• **Required work**
Using the listing below, give again exactly the lines from the line with "Out1 : Outport" to the line with "Power : Math", inclusive, without the pictures.

• **Input for this task**
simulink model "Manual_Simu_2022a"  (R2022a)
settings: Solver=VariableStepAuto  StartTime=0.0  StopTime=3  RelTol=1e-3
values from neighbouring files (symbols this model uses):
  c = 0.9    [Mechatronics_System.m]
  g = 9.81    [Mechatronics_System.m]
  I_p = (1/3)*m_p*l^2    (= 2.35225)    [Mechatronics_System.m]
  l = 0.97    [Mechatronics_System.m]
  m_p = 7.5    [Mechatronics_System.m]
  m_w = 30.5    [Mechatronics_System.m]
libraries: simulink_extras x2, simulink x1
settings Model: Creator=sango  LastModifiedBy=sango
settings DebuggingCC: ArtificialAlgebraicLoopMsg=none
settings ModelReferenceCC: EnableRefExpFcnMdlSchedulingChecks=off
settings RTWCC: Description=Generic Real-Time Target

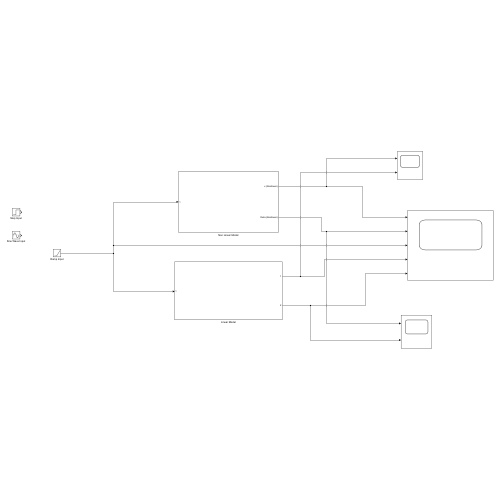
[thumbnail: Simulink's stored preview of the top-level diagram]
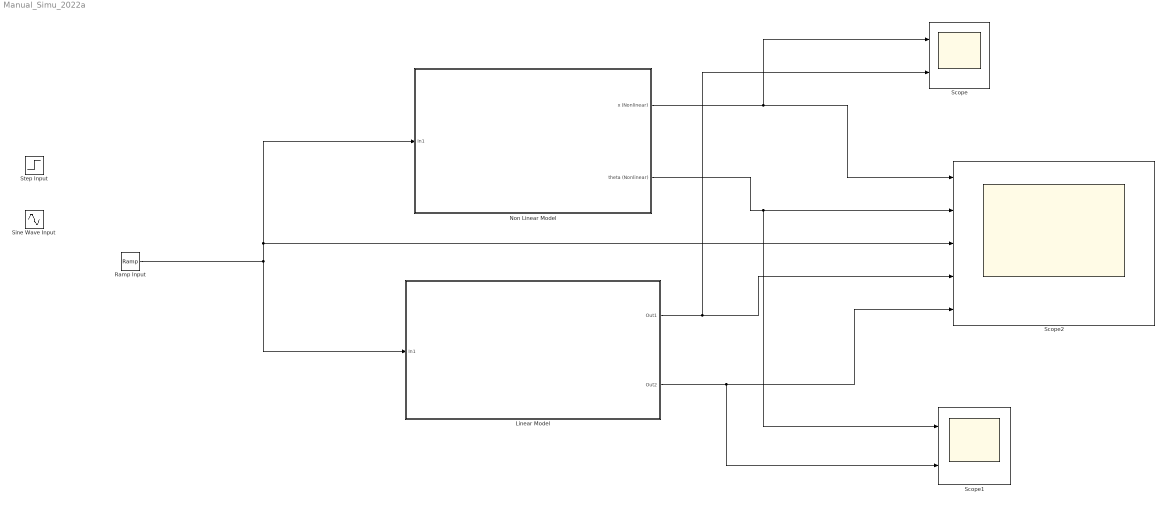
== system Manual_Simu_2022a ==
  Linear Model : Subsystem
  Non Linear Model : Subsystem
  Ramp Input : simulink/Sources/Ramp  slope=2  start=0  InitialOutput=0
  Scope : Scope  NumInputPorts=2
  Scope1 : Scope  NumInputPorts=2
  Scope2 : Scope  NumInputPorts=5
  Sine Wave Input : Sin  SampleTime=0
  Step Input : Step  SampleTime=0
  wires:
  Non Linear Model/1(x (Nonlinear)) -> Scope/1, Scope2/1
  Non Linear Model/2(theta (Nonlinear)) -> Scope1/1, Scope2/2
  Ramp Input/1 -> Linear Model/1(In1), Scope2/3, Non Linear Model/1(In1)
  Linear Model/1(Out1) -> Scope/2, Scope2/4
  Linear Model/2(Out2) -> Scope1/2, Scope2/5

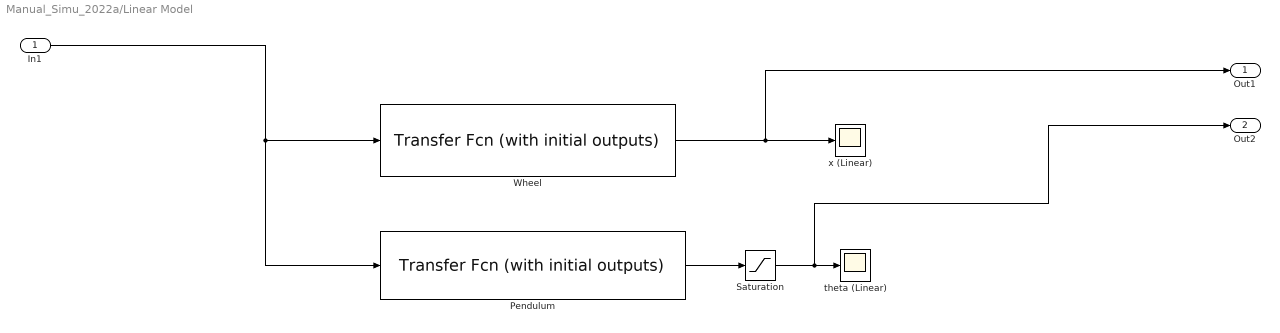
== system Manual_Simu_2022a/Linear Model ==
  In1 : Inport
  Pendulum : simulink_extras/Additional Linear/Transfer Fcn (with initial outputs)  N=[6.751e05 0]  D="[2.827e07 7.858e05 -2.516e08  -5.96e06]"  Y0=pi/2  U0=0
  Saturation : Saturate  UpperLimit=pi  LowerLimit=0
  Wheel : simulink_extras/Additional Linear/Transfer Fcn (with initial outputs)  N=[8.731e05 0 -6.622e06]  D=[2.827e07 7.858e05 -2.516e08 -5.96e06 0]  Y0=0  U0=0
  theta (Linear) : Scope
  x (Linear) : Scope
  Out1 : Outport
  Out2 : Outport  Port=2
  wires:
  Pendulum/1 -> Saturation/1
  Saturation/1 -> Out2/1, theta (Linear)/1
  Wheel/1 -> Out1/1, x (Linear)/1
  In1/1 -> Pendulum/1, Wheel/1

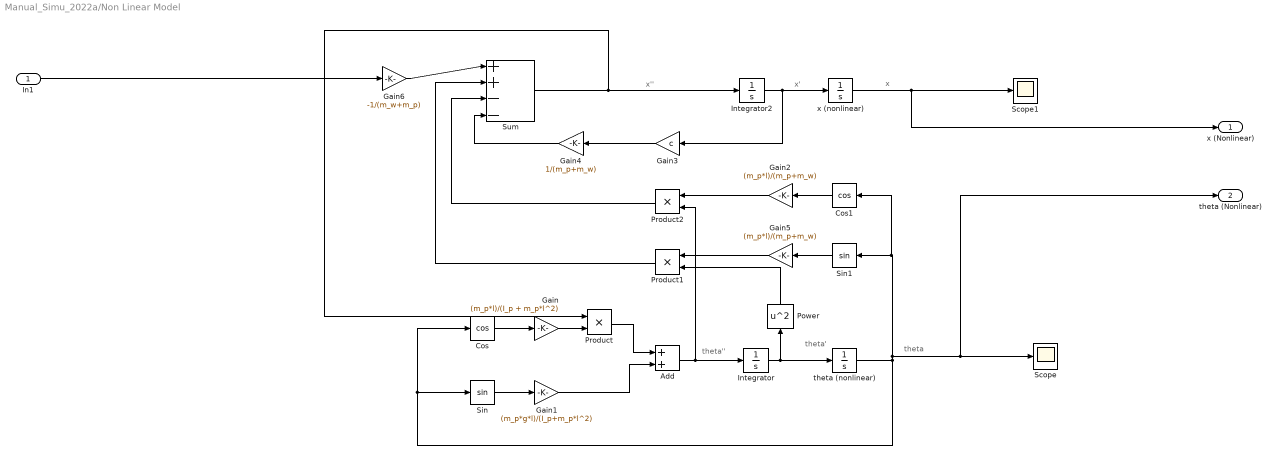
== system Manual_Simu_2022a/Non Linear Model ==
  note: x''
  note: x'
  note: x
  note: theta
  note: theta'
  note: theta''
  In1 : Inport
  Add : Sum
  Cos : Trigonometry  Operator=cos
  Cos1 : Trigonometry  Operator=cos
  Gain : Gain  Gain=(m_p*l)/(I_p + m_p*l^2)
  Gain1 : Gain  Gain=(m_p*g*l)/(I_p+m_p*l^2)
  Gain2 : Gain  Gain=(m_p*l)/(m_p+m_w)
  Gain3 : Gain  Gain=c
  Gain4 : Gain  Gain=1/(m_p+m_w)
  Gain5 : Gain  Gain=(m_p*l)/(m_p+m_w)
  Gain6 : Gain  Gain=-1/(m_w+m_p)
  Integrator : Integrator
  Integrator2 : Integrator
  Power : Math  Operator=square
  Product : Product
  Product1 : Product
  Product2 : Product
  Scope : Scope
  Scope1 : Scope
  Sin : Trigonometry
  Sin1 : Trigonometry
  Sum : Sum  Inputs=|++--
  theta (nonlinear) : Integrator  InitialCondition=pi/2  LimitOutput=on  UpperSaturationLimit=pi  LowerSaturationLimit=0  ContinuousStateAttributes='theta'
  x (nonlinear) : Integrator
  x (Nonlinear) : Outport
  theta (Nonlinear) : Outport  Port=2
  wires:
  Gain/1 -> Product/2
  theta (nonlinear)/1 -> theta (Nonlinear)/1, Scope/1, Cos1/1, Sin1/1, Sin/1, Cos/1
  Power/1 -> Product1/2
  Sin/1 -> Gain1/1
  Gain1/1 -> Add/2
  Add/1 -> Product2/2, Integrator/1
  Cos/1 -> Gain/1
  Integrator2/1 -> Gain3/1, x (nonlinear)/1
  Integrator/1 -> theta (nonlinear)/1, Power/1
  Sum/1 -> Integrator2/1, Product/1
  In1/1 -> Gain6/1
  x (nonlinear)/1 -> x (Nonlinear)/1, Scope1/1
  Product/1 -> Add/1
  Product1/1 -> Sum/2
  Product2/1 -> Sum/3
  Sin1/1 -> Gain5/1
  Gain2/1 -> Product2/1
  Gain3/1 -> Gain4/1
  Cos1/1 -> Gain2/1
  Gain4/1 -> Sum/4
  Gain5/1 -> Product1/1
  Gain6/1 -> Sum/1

• **Answer box**
  Out1 : Outport
  Out2 : Outport  Port=2
  wires:
  Pendulum/1 -> Saturation/1
  Saturation/1 -> Out2/1, theta (Linear)/1
  Wheel/1 -> Out1/1, x (Linear)/1
  In1/1 -> Pendulum/1, Wheel/1

== system Manual_Simu_2022a/Non Linear Model ==
  note: x''
  note: x'
  note: x
  note: theta
  note: theta'
  note: theta''
  In1 : Inport
  Add : Sum
  Cos : Trigonometry  Operator=cos
  Cos1 : Trigonometry  Operator=cos
  Gain : Gain  Gain=(m_p*l)/(I_p + m_p*l^2)
  Gain1 : Gain  Gain=(m_p*g*l)/(I_p+m_p*l^2)
  Gain2 : Gain  Gain=(m_p*l)/(m_p+m_w)
  Gain3 : Gain  Gain=c
  Gain4 : Gain  Gain=1/(m_p+m_w)
  Gain5 : Gain  Gain=(m_p*l)/(m_p+m_w)
  Gain6 : Gain  Gain=-1/(m_w+m_p)
  Integrator : Integrator
  Integrator2 : Integrator
  Power : Math  Operator=square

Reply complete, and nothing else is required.